■ **TASK GOAL**
The answer must be only the lines below from the one holding "settings DataIOCC: LimitDataPoints=on" down to the one holding "Constant : Constant", ends included, printed exactly; please omit all pictures.

■ **DATA EXTRACTS**
--- START ---
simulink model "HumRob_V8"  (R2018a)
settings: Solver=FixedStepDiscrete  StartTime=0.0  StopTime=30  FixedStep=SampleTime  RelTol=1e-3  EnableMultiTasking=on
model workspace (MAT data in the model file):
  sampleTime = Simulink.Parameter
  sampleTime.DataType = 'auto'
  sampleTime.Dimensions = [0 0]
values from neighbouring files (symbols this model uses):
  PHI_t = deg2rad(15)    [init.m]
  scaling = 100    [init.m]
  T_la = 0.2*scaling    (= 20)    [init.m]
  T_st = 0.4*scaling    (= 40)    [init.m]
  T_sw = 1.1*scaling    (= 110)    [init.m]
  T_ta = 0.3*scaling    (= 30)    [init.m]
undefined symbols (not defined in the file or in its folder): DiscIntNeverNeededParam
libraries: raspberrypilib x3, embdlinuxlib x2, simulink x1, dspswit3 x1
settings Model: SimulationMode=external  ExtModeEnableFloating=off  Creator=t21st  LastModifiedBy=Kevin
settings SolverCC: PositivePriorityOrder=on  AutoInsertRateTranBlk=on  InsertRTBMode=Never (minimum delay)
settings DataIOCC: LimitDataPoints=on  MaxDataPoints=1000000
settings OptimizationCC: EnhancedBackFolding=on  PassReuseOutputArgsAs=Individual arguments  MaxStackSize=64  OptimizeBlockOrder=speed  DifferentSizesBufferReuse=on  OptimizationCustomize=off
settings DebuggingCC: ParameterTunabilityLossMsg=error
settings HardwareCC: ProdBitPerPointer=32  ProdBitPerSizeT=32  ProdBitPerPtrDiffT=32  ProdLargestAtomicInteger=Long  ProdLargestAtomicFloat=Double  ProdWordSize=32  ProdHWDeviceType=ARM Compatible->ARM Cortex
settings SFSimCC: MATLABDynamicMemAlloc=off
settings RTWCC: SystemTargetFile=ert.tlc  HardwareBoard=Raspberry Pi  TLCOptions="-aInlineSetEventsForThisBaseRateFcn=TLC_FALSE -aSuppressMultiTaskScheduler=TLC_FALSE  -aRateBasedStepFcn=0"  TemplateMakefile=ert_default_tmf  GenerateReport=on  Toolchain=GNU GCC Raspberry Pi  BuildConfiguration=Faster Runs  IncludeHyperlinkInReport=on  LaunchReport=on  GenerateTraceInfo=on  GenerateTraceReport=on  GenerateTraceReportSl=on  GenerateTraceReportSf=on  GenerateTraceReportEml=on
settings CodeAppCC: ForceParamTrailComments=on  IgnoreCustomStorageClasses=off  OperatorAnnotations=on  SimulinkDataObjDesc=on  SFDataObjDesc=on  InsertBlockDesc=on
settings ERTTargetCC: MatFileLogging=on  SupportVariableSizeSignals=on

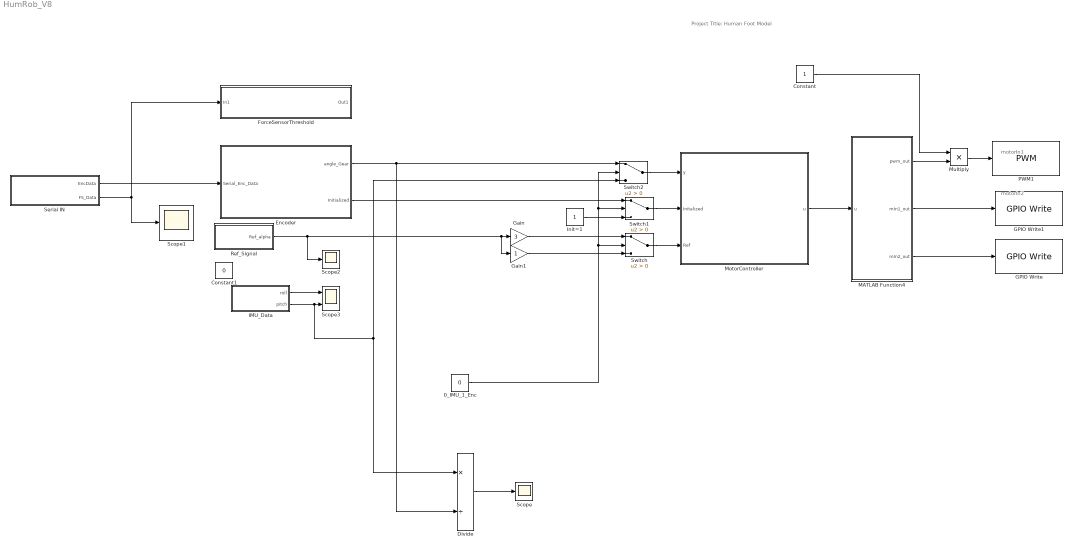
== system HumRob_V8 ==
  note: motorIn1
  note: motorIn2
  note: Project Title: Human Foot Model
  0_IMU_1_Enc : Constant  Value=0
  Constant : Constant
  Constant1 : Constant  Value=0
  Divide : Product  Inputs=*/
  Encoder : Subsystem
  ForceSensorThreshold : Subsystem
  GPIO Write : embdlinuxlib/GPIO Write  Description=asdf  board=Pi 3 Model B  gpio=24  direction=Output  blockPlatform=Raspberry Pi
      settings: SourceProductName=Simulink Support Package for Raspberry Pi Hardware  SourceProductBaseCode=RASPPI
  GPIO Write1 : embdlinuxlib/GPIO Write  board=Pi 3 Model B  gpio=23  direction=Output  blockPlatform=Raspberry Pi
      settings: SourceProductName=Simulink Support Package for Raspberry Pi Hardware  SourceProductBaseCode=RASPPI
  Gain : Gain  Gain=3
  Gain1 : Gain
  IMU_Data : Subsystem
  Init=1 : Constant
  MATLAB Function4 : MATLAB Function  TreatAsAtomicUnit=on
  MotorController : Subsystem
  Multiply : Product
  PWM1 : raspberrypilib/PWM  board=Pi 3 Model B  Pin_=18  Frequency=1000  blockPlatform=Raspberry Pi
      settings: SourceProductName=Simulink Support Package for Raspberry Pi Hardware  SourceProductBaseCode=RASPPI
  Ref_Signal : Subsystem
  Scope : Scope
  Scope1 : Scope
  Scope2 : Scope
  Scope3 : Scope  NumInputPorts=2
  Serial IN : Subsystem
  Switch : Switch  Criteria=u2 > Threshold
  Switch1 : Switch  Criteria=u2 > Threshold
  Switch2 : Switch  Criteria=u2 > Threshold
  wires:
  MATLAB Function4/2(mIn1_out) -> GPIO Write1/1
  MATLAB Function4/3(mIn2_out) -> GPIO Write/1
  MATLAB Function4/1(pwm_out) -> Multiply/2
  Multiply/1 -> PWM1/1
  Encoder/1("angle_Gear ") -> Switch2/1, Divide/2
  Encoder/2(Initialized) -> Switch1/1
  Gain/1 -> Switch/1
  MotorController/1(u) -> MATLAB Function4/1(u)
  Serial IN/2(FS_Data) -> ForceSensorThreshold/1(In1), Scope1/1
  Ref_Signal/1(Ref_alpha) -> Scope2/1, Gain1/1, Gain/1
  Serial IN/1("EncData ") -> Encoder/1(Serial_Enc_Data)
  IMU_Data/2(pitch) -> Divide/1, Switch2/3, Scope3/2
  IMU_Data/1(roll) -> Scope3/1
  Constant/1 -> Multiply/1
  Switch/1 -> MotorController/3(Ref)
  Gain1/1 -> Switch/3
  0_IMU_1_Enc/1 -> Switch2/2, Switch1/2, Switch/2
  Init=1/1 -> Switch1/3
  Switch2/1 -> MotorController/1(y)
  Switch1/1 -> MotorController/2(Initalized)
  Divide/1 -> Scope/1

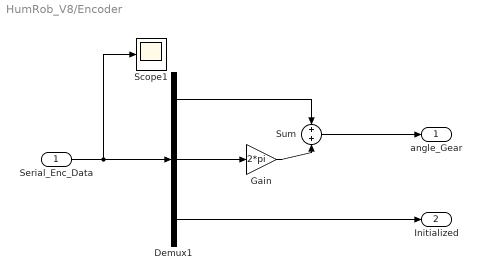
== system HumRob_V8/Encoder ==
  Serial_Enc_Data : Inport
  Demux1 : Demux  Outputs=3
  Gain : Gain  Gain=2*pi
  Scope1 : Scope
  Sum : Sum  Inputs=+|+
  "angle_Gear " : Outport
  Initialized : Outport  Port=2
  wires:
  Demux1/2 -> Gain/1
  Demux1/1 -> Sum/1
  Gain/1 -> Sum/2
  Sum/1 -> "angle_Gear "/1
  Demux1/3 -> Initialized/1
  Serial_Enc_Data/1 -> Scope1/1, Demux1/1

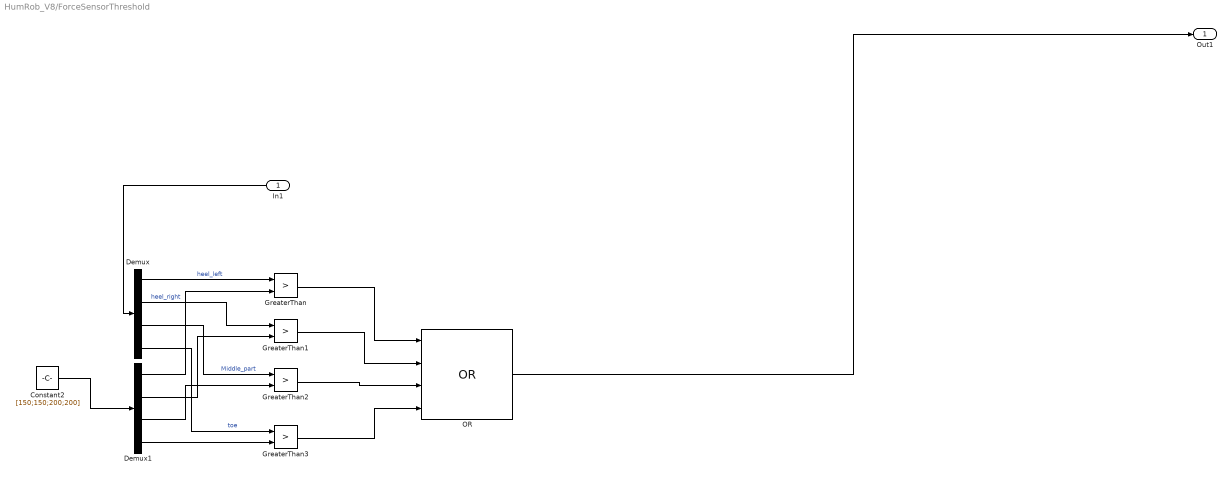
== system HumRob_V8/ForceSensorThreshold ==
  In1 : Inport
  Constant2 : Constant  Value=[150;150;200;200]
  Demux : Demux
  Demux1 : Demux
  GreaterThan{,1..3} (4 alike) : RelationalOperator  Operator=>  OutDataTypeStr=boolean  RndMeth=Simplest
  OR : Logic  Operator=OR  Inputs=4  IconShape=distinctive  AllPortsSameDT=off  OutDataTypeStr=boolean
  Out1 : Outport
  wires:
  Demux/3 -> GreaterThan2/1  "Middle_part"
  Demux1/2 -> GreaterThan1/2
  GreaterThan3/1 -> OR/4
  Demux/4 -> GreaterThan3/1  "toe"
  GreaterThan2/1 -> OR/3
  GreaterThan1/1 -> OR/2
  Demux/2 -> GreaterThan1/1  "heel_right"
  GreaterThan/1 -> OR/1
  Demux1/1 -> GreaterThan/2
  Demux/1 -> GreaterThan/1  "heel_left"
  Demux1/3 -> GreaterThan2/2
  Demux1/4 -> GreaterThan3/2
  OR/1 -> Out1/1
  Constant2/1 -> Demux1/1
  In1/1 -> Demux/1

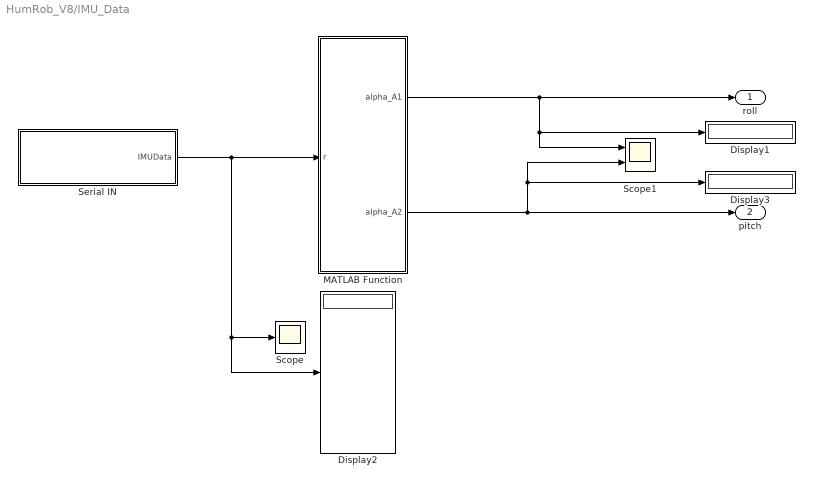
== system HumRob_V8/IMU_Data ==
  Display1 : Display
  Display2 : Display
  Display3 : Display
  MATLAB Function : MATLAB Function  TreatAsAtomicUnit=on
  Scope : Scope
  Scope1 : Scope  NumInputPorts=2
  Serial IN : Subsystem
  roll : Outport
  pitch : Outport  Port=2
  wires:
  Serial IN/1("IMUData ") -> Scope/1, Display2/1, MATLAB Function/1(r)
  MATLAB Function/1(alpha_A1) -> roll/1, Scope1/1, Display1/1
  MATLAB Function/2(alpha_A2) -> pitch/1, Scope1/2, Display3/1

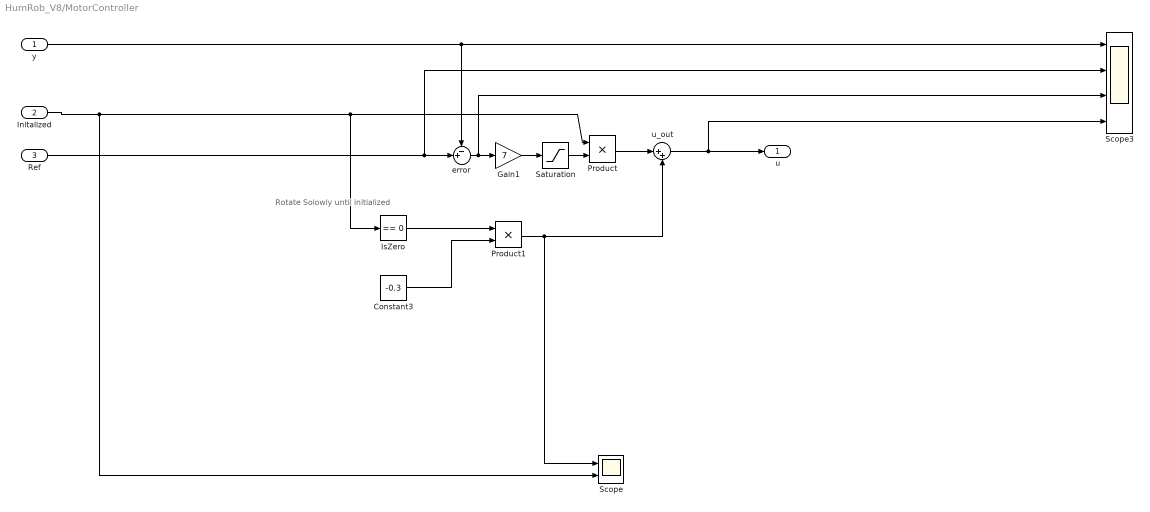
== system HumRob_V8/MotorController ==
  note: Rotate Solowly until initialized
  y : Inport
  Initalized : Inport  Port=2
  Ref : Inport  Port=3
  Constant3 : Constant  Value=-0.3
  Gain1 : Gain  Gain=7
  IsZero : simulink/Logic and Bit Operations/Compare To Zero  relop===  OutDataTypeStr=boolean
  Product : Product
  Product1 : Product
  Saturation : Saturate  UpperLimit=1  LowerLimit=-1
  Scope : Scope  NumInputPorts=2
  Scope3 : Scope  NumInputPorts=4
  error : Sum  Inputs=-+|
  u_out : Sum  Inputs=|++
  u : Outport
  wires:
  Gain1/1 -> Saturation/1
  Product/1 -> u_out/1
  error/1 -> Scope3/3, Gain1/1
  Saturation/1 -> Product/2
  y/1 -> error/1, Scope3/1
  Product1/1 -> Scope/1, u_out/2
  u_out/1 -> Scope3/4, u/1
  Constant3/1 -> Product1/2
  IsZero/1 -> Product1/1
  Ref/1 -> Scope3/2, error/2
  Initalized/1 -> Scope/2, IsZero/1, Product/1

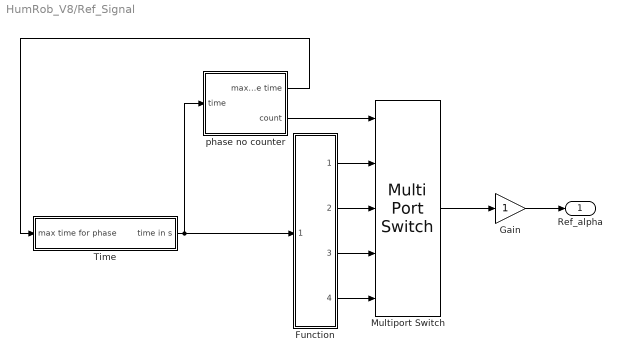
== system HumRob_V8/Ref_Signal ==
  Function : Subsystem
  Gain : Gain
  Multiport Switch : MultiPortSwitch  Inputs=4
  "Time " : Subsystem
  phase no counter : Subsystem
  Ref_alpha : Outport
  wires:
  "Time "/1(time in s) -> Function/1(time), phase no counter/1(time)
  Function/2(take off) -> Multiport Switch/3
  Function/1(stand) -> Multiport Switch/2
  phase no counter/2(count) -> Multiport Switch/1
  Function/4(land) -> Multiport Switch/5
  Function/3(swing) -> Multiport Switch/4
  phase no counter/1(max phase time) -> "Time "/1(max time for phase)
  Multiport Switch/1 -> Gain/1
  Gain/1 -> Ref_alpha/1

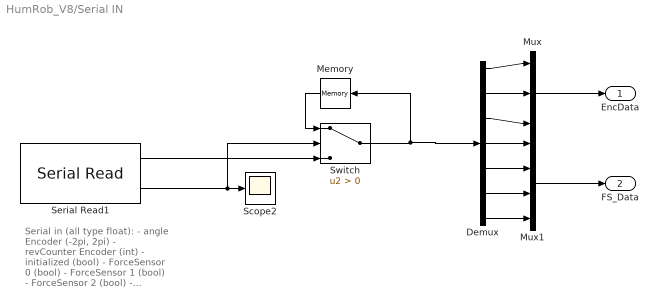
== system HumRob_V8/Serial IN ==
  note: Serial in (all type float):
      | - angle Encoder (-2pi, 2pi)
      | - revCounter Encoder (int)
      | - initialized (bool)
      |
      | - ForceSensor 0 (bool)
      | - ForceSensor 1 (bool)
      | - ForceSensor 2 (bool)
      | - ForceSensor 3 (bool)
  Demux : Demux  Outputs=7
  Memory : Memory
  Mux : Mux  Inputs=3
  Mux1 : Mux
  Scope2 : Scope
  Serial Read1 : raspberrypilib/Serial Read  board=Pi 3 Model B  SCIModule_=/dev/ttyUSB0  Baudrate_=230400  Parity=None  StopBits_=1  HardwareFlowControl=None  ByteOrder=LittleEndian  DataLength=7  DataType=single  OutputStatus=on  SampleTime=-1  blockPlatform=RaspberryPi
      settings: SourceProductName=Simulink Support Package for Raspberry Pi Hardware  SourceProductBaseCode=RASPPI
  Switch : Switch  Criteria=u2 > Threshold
--- END ---
■ **TASK RESULT**
settings DataIOCC: LimitDataPoints=on  MaxDataPoints=1000000
settings OptimizationCC: EnhancedBackFolding=on  PassReuseOutputArgsAs=Individual arguments  MaxStackSize=64  OptimizeBlockOrder=speed  DifferentSizesBufferReuse=on  OptimizationCustomize=off
settings DebuggingCC: ParameterTunabilityLossMsg=error
settings HardwareCC: ProdBitPerPointer=32  ProdBitPerSizeT=32  ProdBitPerPtrDiffT=32  ProdLargestAtomicInteger=Long  ProdLargestAtomicFloat=Double  ProdWordSize=32  ProdHWDeviceType=ARM Compatible->ARM Cortex
settings SFSimCC: MATLABDynamicMemAlloc=off
settings RTWCC: SystemTargetFile=ert.tlc  HardwareBoard=Raspberry Pi  TLCOptions="-aInlineSetEventsForThisBaseRateFcn=TLC_FALSE -aSuppressMultiTaskScheduler=TLC_FALSE  -aRateBasedStepFcn=0"  TemplateMakefile=ert_default_tmf  GenerateReport=on  Toolchain=GNU GCC Raspberry Pi  BuildConfiguration=Faster Runs  IncludeHyperlinkInReport=on  LaunchReport=on  GenerateTraceInfo=on  GenerateTraceReport=on  GenerateTraceReportSl=on  GenerateTraceReportSf=on  GenerateTraceReportEml=on
settings CodeAppCC: ForceParamTrailComments=on  IgnoreCustomStorageClasses=off  OperatorAnnotations=on  SimulinkDataObjDesc=on  SFDataObjDesc=on  InsertBlockDesc=on
settings ERTTargetCC: MatFileLogging=on  SupportVariableSizeSignals=on

== system HumRob_V8 ==
  note: motorIn1
  note: motorIn2
  note: Project Title: Human Foot Model
  0_IMU_1_Enc : Constant  Value=0
  Constant : Constant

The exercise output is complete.